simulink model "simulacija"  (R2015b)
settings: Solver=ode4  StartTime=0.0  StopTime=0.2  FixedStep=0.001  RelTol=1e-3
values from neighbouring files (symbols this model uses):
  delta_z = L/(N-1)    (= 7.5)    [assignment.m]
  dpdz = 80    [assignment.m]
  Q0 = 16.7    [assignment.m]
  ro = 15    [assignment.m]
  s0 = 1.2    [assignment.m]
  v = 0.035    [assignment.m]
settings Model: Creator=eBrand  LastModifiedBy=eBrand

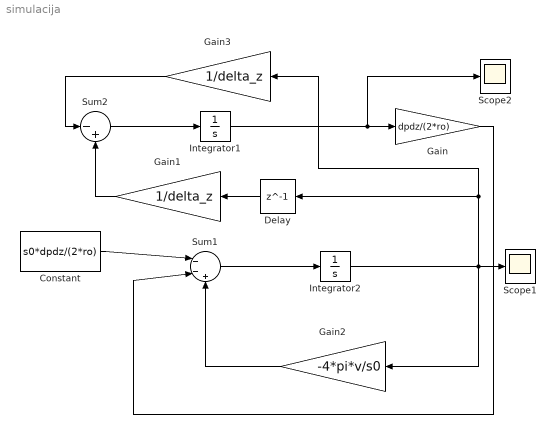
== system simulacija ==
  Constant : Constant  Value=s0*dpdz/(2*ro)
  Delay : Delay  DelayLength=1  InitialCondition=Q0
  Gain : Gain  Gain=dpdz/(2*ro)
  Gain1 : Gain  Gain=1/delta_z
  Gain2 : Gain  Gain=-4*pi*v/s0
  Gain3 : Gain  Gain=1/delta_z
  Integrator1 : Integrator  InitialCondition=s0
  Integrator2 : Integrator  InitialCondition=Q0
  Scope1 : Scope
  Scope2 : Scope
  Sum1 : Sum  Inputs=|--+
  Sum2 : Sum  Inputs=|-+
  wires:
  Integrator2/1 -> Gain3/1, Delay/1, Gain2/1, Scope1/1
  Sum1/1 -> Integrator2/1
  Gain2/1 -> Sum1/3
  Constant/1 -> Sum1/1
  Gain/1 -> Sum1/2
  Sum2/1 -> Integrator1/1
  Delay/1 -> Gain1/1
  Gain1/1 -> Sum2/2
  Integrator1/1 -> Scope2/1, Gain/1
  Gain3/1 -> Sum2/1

§ REQUIRED ACTION: Quote the records above exactly, from the first line through the line containing "Integrator1 : Integrator", and leave out the pictures.

§ TASK RESPONSE:
simulink model "simulacija"  (R2015b)
settings: Solver=ode4  StartTime=0.0  StopTime=0.2  FixedStep=0.001  RelTol=1e-3
values from neighbouring files (symbols this model uses):
  delta_z = L/(N-1)    (= 7.5)    [assignment.m]
  dpdz = 80    [assignment.m]
  Q0 = 16.7    [assignment.m]
  ro = 15    [assignment.m]
  s0 = 1.2    [assignment.m]
  v = 0.035    [assignment.m]
settings Model: Creator=eBrand  LastModifiedBy=eBrand

== system simulacija ==
  Constant : Constant  Value=s0*dpdz/(2*ro)
  Delay : Delay  DelayLength=1  InitialCondition=Q0
  Gain : Gain  Gain=dpdz/(2*ro)
  Gain1 : Gain  Gain=1/delta_z
  Gain2 : Gain  Gain=-4*pi*v/s0
  Gain3 : Gain  Gain=1/delta_z
  Integrator1 : Integrator  InitialCondition=s0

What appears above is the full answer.